Using the balanced equation and the data in the table below, calculate the theoretical enthalpy of combustion.
Note: you will need to include the enthalpy of vaporisation for the liquid components which are also given.
CH3OH(l) + 1.5O2(g) → CO2(g) + 2H2O(l)
Average Bond Enthalpies KJmol-1
C-H 412
C-C 348
C-O 358
O=O 496
C=O 743
O-H 463
Enthalpy of vaporisation KJmol-1
Methanol 35
Water 41
2) SUGGEST SOME REASONS AS TO WHY THIS VALUE IS DIFFERENT TO THE ONE OBRTAINED IN THE PRACTICAL (practical- a student investigated the enthalpy of combustion (deltaHc) of methanol under standard conditions using the apparatus shown in the diagram. The measurements the student recorded are shown in the table.

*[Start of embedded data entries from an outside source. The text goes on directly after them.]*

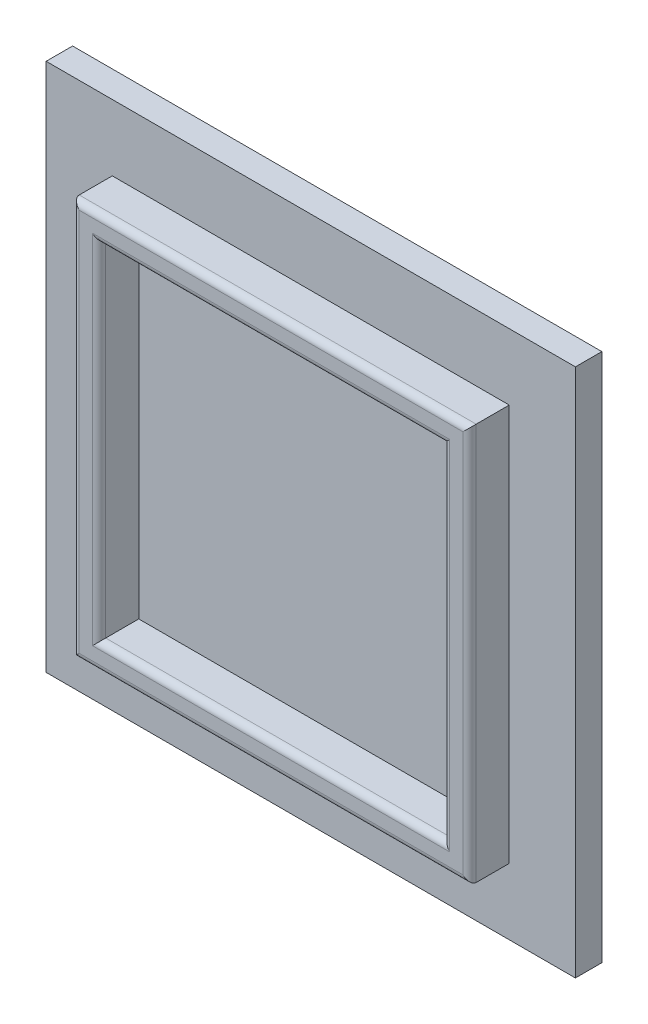
from build123d import *

# Parameters (mm, degrees)
SKETCH1_W           = 40
SKETCH1_H           = 40
BOSS_EXTRUDE1_DEPTH = 2
SKETCH2_W           = 30
SKETCH2_H           = 30
SKETCH2_W_2         = 26
SKETCH2_H_2         = 26
BOSS_EXTRUDE2_DEPTH = 3
FILLET1_R           = 0.5


with BuildPart() as part:
    # Sketch1 → Boss-Extrude1 (new body)
    with BuildSketch(Plane.XY):
        with Locations((-5.192307692, -4.855769231)):
            Rectangle(SKETCH1_W, SKETCH1_H)
    extrude(amount=BOSS_EXTRUDE1_DEPTH)

    # Sketch2 → Boss-Extrude2 (add)
    with BuildSketch(Plane.XY.offset(2)):
        with Locations((-5.192307692, -4.855769231)):
            Rectangle(SKETCH2_W, SKETCH2_H)
        with Locations((-5.192307692, -4.855769231)):
            Rectangle(SKETCH2_W_2, SKETCH2_H_2, mode=Mode.SUBTRACT)
    extrude(amount=BOSS_EXTRUDE2_DEPTH)

    # Fillet1
    fillet1_edges = [part.edges().sort_by_distance(p)[0] for p in [
        (-20.192307692, -4.855769231, 5),
        (-5.192307692, -19.855769231, 5),
        (9.807692308, -4.855769231, 5),
        (-5.192307692, 10.144230769, 5),
        (-18.192307692, -4.855769231, 5),
        (-5.192307692, -17.855769231, 5),
        (7.807692308, -4.855769231, 5),
        (-5.192307692, 8.144230769, 5),
    ]]
    fillet(fillet1_edges, radius=FILLET1_R)


solid = part.part
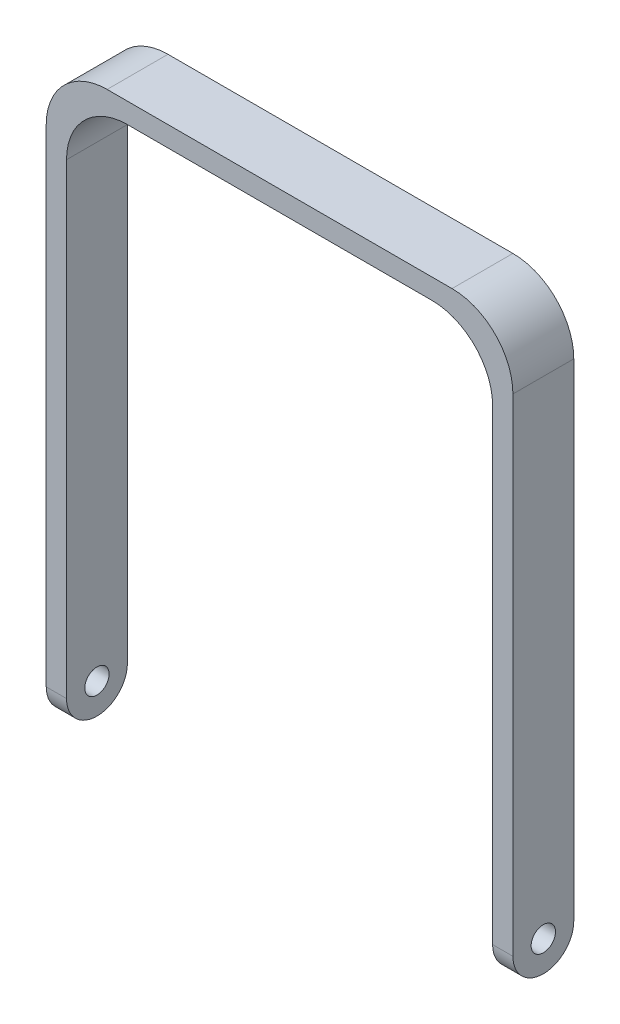
from build123d import *

# Parameters (mm, degrees)
BOSS_EXTRUDE1_DEPTH     = 4.7625
SKETCH2_R               = 1.905
CUT_EXTRUDE1_DEPTH      = 1
CUT_EXTRUDE1_DEPTH_BACK = 74.025
FILLET1_R               = 9.525


with BuildPart() as part:
    # Sketch1 → Boss-Extrude1 (new body, symmetric)
    with BuildSketch(Plane.XY):
        Polygon((33.3375, -46.0375), (36.5125, -46.0375), (36.5125, 46.0375), (-36.5125, 46.0375), (-36.5125, -46.0375), (-33.3375, -46.0375), (-33.3375, 42.8625), (33.3375, 42.8625), align=None)
    extrude(amount=BOSS_EXTRUDE1_DEPTH, both=True)

    # Sketch2 → Cut-Extrude1 (cut, two sides)
    with BuildSketch(Plane.ZY.offset(36.5125)) as cut_extrude1_sk:
        with Locations((0, -39.6875)):
            Circle(SKETCH2_R)
        with BuildLine():
            Line((-4.7625, -39.6875), (-4.7625, -46.0375))
            Line((-4.7625, -46.0375), (4.7625, -46.0375))
            Line((4.7625, -46.0375), (4.7625, -39.6875))
            ThreePointArc((4.7625, -39.6875), (0, -44.45), (-4.7625, -39.6875))
        make_face()
    extrude(amount=CUT_EXTRUDE1_DEPTH, mode=Mode.SUBTRACT)
    extrude(cut_extrude1_sk.sketch, amount=-CUT_EXTRUDE1_DEPTH_BACK, mode=Mode.SUBTRACT)

    # Fillet1
    fillet1_edges = [part.edges().sort_by_distance(p)[0] for p in [
        (33.3375, 42.8625, 0),
        (-33.3375, 42.8625, 0),
        (-36.5125, 46.0375, 0),
        (36.5125, 46.0375, 0),
    ]]
    fillet(fillet1_edges, radius=FILLET1_R)


solid = part.part

Use this information to answer the questions below.).
Practical information:
Alcohol mass before burning: 80.6g
Alcohol mass after burning: 75.9g
Water heated: 100g
Methanol Mr: 32
Initial temperature of water: 21.5 C
Final temperature of water: 32.4 C
Q = 4556.2 J
To calculate the theoretical enthalpy of combustion, we need to use average bond enthalpies of the reactants and products.
Step 1: Calculate the energy required to break the bonds in the reactants: CH3OH(l) + 1.5O2(g)
- We need to break the bonds in methane (CH4) and oxygen (O2) in order to form methanol (CH3OH).
- CH4(g) --> C(g) + 4H(g)
- O2(g) --> 2O(g)
The total energy required to break the bonds in CH3OH is:
(1 x C-H bond energy) + (3 x C-H bond energy) + (1.5 x O=O bond energy) = (412 + 3 x 412) + (1.5 x 496) = 3816 kJ
Step 2: Calculate the energy released when new bonds are formed in the products: CO2(g) + 2H2O(l)
- We need to form new bonds in carbon dioxide (CO2) and water (H2O) from the atoms released in the reactants.
- C(g) + 2O(g) --> CO2(g)
- 4H(g) + O(g) --> 2H2O(l)
The total energy released when new bonds are formed in the products is:
(1 x C=O bond energy) + (2 x O-H bond energy) + (2 x O-H bond energy) = (1 x 743) + (2 x 463) + (2 x 463) = 2585 kJ
Step 3: Calculate the change in enthalpy (ΔH) by subtracting the energy required to break the bonds from the energy released when new bonds are formed:
ΔH = Energy released - Energy required = 2585 kJ - 3816 kJ = -1231 kJ
So, the theoretical enthalpy of combustion is -1231 kJ.
Now, let's address the second part of the question regarding the difference between the theoretical and practical values of the enthalpy of combustion.
Potential reasons for the difference could include:
1. Incomplete combustion in the practical experiment: The practical experiment may not have achieved complete combustion, resulting in the release of less energy than expected.
2. Heat losses to the surroundings: The heat generated during the combustion reaction could have been lost to the environment, causing a decrease in the observed enthalpy change.
3. Experimental errors in measurements: Errors in measuring the masses of alcohol, water, and the temperature change could have led to inaccuracies in calculating the enthalpy change.
4. Assumption of standard conditions: The theoretical calculation assumes standard conditions (25°C and 1 atm), whereas the practical experiment may not have exactly matched these conditions.
These factors, among others, can contribute to the discrepancy between the theoretical and practical values of the enthalpy of combustion.